--- Problem details ---
Return the listing that follows exactly, with no pictures included.

========

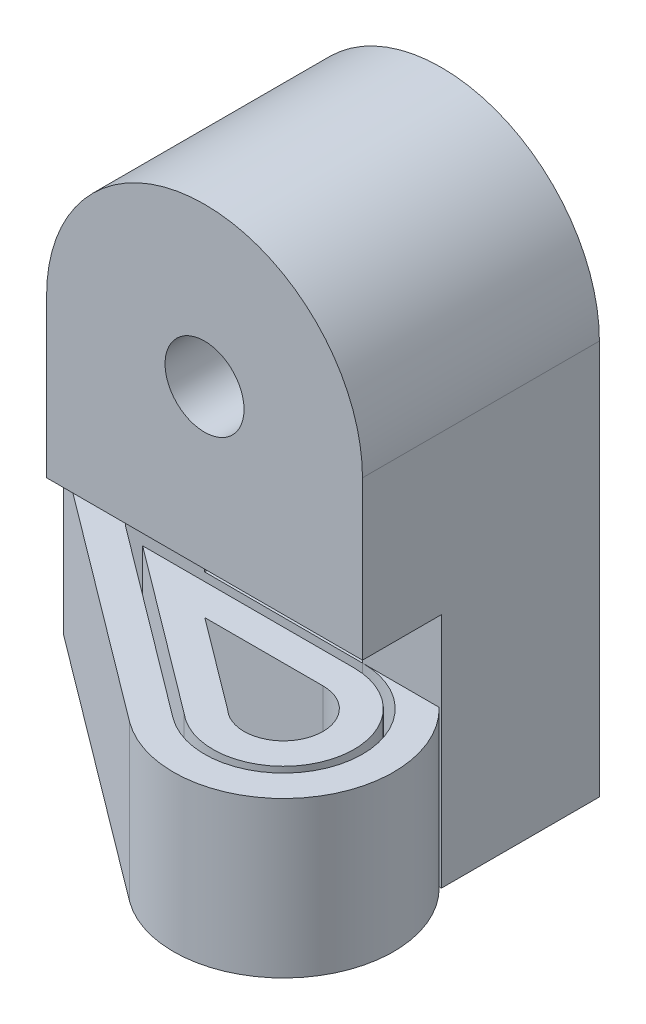
from build123d import *

# Parameters (mm, degrees)
BOSS_EXTRUDE2_DEPTH      = 50.8
BOSS_EXTRUDE3_DEPTH      = 25.4
SKETCH4_R                = 12.7
CUT_EXTRUDE2_DEPTH       = 219.499061783
EXTRUDE_THIN14_START     = -50
EXTRUDE_THIN14_OUTLINE_W = 50.8
EXTRUDE_THIN14_OUTLINE_H = 10
EXTRUDE_THIN14_DEPTH     = 50


# Read off the part's stored shape, not the designer's step: Extrude-Thin14
with BuildPart() as part:
    # Sketch1 → Boss-Extrude2 (new body)
    with BuildSketch(Plane.XY):
        with BuildLine():
            Line((0, 127), (0, 0))
            Line((0, 0), (25.4, 0))
            Line((25.4, 0), (25.4, 50.8))
            Line((25.4, 50.8), (76.2, 50.8))
            Line((76.2, 50.8), (76.2, 0))
            Line((76.2, 0), (101.6, 0))
            Line((101.6, 0), (101.6, 127))
            ThreePointArc((101.6, 127), (50.8, 177.8), (0, 127))
        make_face()
    extrude(amount=BOSS_EXTRUDE2_DEPTH)

    # Sketch3 → Boss-Extrude3 (add)
    with BuildSketch(Plane.XY.offset(50.8)):
        with BuildLine():
            Line((0, 127), (0, 76.2))
            Line((0, 76.2), (101.6, 76.2))
            Line((101.6, 76.2), (101.6, 127))
            ThreePointArc((101.6, 127), (50.8, 177.8), (0, 127))
        make_face()
    extrude(amount=BOSS_EXTRUDE3_DEPTH)

    # Sketch4 → Cut-Extrude2 (cut, through all)
    with BuildSketch(Plane.XY.offset(76.2)):
        with Locations((50.8, 127)):
            Circle(SKETCH4_R)
    extrude(amount=-CUT_EXTRUDE2_DEPTH, mode=Mode.SUBTRACT)

    # Extrude-Thin14 outline → Extrude-Thin14 (add)
    # profile 1 of 3: a face of its own
    with BuildSketch(Plane.XZ.offset(EXTRUDE_THIN14_START)):
        with BuildLine():
            Line((8.195486321, 53.5), (76.2, 53.5))
            ThreePointArc((76.2, 53.5), (97.466516312, 84.138846513), (61.324968382, 93.347111546))
            Line((61.324968382, 93.347111546), (8.195486321, 53.5))
        make_face()
        with BuildLine():
            ThreePointArc((67.650406883, 85.591190422), (88.043946098, 80.783769281), (76.2, 63.5))
            Line((76.2, 63.5), (38.195486321, 63.5))
            Line((38.195486321, 63.5), (67.650406883, 85.591190422))
        make_face(mode=Mode.SUBTRACT)
    # profile 2 of 3: a face of its own
    with BuildSketch(Plane.XZ.offset(EXTRUDE_THIN14_START)):
        with BuildLine():
            Line((76.2, 50.8), (100.857656012, 50.8))
            ThreePointArc((100.857656012, 50.8), (103.114302762, 99.195223566), (54.96, 104.52))
            Line((54.96, 104.52), (-30, 40.8))
            Line((-30, 40.8), (0, 40.8))
            Line((0, 40.8), (0, 50.8))
            Line((0, 50.8), (60.96, 96.52))
            ThreePointArc((60.96, 96.52), (100.29655577, 84.232185257), (76.2, 50.8))
        make_face()
    # profile 3 of 3: a face of its own
    with BuildSketch(Plane.XZ.offset(EXTRUDE_THIN14_START)):
        with Locations((50.8, 45.8)):
            Rectangle(EXTRUDE_THIN14_OUTLINE_W, EXTRUDE_THIN14_OUTLINE_H)
    extrude(amount=EXTRUDE_THIN14_DEPTH)


solid = part.part

========

--- Answer section ---
from build123d import *

# Parameters (mm, degrees)
BOSS_EXTRUDE2_DEPTH      = 50.8
BOSS_EXTRUDE3_DEPTH      = 25.4
SKETCH4_R                = 12.7
CUT_EXTRUDE2_DEPTH       = 219.499061783
EXTRUDE_THIN14_START     = -50
EXTRUDE_THIN14_OUTLINE_W = 50.8
EXTRUDE_THIN14_OUTLINE_H = 10
EXTRUDE_THIN14_DEPTH     = 50


# Read off the part's stored shape, not the designer's step: Extrude-Thin14
with BuildPart() as part:
    # Sketch1 → Boss-Extrude2 (new body)
    with BuildSketch(Plane.XY):
        with BuildLine():
            Line((0, 127), (0, 0))
            Line((0, 0), (25.4, 0))
            Line((25.4, 0), (25.4, 50.8))
            Line((25.4, 50.8), (76.2, 50.8))
            Line((76.2, 50.8), (76.2, 0))
            Line((76.2, 0), (101.6, 0))
            Line((101.6, 0), (101.6, 127))
            ThreePointArc((101.6, 127), (50.8, 177.8), (0, 127))
        make_face()
    extrude(amount=BOSS_EXTRUDE2_DEPTH)

    # Sketch3 → Boss-Extrude3 (add)
    with BuildSketch(Plane.XY.offset(50.8)):
        with BuildLine():
            Line((0, 127), (0, 76.2))
            Line((0, 76.2), (101.6, 76.2))
            Line((101.6, 76.2), (101.6, 127))
            ThreePointArc((101.6, 127), (50.8, 177.8), (0, 127))
        make_face()
    extrude(amount=BOSS_EXTRUDE3_DEPTH)

    # Sketch4 → Cut-Extrude2 (cut, through all)
    with BuildSketch(Plane.XY.offset(76.2)):
        with Locations((50.8, 127)):
            Circle(SKETCH4_R)
    extrude(amount=-CUT_EXTRUDE2_DEPTH, mode=Mode.SUBTRACT)

    # Extrude-Thin14 outline → Extrude-Thin14 (add)
    # profile 1 of 3: a face of its own
    with BuildSketch(Plane.XZ.offset(EXTRUDE_THIN14_START)):
        with BuildLine():
            Line((8.195486321, 53.5), (76.2, 53.5))
            ThreePointArc((76.2, 53.5), (97.466516312, 84.138846513), (61.324968382, 93.347111546))
            Line((61.324968382, 93.347111546), (8.195486321, 53.5))
        make_face()
        with BuildLine():
            ThreePointArc((67.650406883, 85.591190422), (88.043946098, 80.783769281), (76.2, 63.5))
            Line((76.2, 63.5), (38.195486321, 63.5))
            Line((38.195486321, 63.5), (67.650406883, 85.591190422))
        make_face(mode=Mode.SUBTRACT)
    # profile 2 of 3: a face of its own
    with BuildSketch(Plane.XZ.offset(EXTRUDE_THIN14_START)):
        with BuildLine():
            Line((76.2, 50.8), (100.857656012, 50.8))
            ThreePointArc((100.857656012, 50.8), (103.114302762, 99.195223566), (54.96, 104.52))
            Line((54.96, 104.52), (-30, 40.8))
            Line((-30, 40.8), (0, 40.8))
            Line((0, 40.8), (0, 50.8))
            Line((0, 50.8), (60.96, 96.52))
            ThreePointArc((60.96, 96.52), (100.29655577, 84.232185257), (76.2, 50.8))
        make_face()
    # profile 3 of 3: a face of its own
    with BuildSketch(Plane.XZ.offset(EXTRUDE_THIN14_START)):
        with Locations((50.8, 45.8)):
            Rectangle(EXTRUDE_THIN14_OUTLINE_W, EXTRUDE_THIN14_OUTLINE_H)
    extrude(amount=EXTRUDE_THIN14_DEPTH)


solid = part.part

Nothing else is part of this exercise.